• TASK ITEM:
Return, from the data that follows, each line that holds the word "dxfattribs".

[Collected data entries]

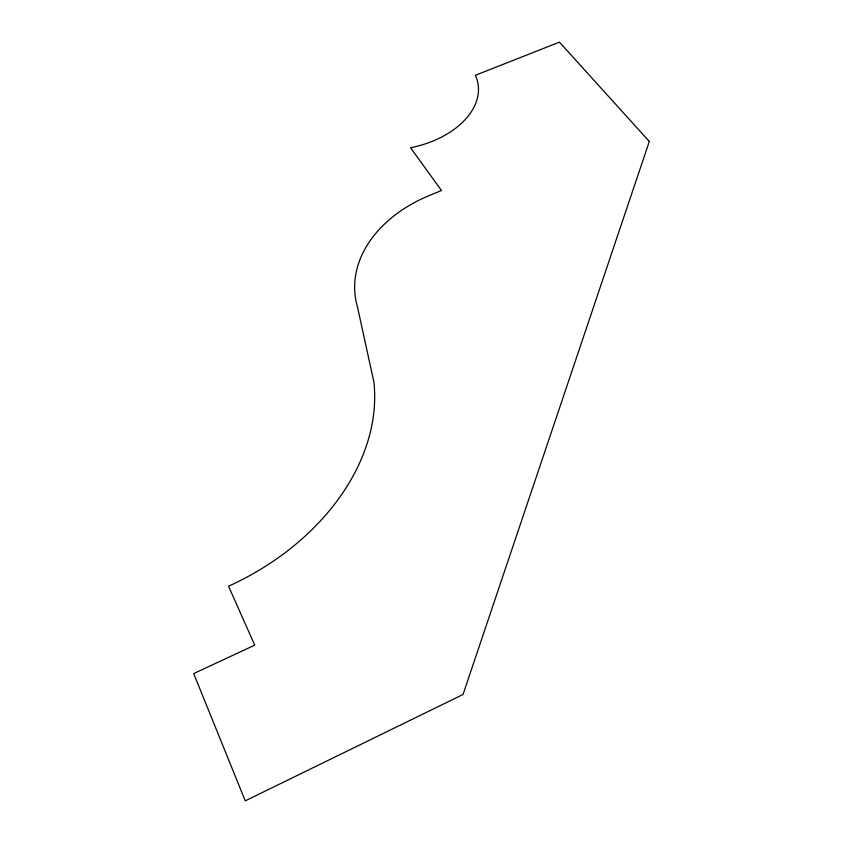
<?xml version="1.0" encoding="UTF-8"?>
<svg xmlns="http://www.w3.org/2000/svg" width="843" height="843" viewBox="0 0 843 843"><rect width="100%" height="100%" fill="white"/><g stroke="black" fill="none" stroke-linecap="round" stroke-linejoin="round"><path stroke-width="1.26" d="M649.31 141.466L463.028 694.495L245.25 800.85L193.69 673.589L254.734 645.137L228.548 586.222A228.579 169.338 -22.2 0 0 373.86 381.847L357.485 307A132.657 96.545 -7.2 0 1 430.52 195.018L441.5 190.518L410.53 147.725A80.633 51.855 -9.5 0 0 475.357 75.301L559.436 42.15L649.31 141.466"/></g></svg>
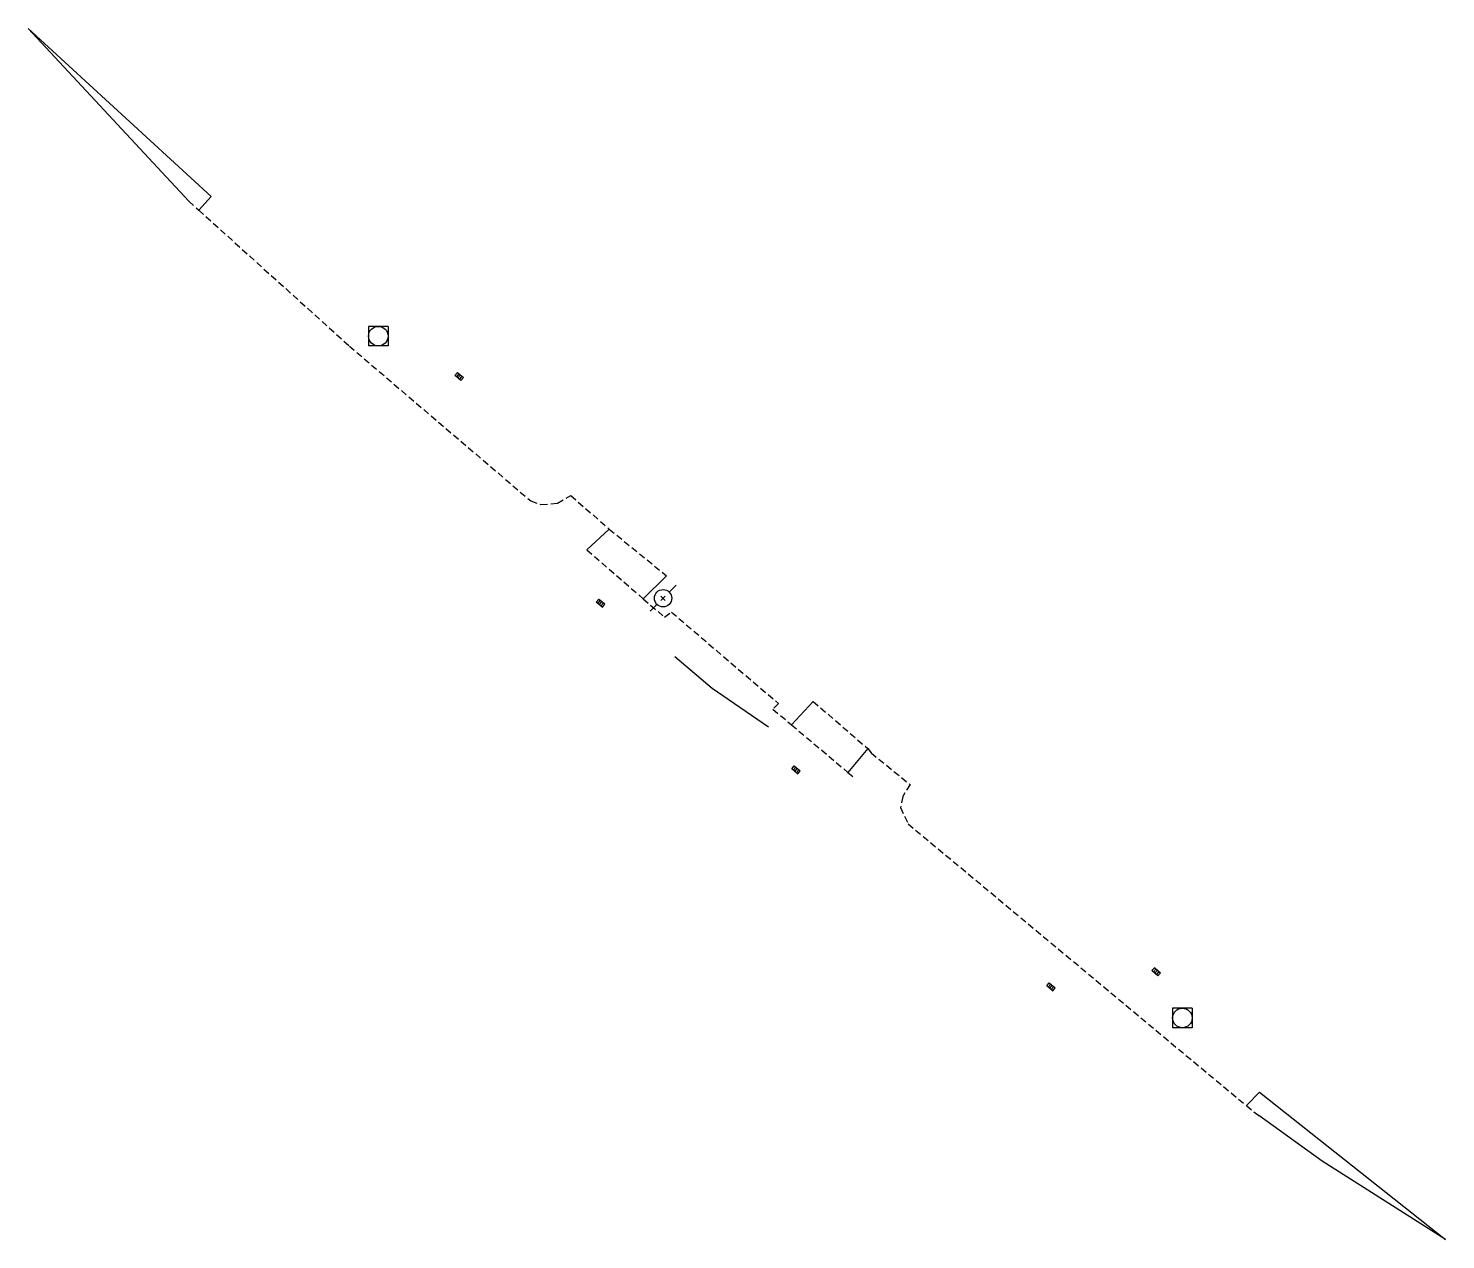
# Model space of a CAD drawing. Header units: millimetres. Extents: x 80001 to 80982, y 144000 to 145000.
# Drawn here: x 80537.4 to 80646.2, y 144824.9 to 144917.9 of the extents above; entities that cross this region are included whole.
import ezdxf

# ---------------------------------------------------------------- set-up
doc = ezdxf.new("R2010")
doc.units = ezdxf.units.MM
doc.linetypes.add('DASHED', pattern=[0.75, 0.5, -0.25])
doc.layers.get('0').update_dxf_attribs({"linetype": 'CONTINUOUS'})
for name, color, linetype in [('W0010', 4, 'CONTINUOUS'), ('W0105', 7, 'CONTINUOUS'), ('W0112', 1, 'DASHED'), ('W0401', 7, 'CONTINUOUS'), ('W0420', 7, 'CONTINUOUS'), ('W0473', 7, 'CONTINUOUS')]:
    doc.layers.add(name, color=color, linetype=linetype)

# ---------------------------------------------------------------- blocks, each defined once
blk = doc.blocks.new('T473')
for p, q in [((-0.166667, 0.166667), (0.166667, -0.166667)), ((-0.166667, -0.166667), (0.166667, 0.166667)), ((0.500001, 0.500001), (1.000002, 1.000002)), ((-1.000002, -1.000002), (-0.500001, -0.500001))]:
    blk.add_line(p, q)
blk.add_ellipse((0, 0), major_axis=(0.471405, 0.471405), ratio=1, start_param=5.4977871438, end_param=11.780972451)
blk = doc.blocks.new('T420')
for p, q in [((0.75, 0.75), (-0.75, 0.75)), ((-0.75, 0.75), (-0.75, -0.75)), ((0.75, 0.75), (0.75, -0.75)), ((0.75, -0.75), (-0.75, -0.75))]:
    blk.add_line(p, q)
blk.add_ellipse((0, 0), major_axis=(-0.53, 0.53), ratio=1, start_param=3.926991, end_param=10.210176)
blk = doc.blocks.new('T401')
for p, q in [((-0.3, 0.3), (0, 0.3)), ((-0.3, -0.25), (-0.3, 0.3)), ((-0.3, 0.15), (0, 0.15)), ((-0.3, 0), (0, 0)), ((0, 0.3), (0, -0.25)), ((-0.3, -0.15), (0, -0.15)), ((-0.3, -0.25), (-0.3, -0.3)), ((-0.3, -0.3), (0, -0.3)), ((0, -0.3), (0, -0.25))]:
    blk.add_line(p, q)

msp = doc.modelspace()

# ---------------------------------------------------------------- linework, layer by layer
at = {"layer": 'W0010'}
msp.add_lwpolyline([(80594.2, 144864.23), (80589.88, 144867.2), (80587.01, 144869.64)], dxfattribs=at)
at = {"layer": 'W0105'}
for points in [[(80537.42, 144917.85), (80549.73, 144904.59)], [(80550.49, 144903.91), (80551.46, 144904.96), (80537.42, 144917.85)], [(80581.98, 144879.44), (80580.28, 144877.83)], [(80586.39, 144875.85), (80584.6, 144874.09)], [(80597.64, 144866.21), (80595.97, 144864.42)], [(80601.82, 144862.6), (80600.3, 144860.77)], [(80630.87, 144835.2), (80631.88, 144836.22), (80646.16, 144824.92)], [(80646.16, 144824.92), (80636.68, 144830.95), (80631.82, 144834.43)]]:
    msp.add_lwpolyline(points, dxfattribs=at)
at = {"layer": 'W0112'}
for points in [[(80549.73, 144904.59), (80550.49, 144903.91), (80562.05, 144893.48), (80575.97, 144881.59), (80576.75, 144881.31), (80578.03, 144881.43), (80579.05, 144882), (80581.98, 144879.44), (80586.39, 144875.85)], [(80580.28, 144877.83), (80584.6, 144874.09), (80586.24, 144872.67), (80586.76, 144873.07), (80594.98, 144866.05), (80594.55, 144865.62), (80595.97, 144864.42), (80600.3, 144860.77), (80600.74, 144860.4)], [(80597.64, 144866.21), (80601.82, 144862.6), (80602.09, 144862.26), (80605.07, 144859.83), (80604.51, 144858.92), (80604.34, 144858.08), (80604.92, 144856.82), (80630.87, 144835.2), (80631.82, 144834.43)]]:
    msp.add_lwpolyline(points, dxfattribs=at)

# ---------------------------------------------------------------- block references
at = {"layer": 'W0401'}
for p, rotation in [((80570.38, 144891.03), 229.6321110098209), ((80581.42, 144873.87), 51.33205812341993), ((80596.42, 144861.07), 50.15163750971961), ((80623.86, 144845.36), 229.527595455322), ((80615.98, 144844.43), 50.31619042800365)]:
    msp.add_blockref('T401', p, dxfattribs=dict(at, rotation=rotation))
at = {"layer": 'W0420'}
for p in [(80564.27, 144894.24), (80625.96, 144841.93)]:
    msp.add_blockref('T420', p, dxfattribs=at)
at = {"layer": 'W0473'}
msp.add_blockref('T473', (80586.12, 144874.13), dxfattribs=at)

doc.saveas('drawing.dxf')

• EXERCISE RESULT:
msp.add_lwpolyline([(80594.2, 144864.23), (80589.88, 144867.2), (80587.01, 144869.64)], dxfattribs=at)
    msp.add_lwpolyline(points, dxfattribs=at)
    msp.add_lwpolyline(points, dxfattribs=at)
    msp.add_blockref('T401', p, dxfattribs=dict(at, rotation=rotation))
    msp.add_blockref('T420', p, dxfattribs=at)
msp.add_blockref('T473', (80586.12, 144874.13), dxfattribs=at)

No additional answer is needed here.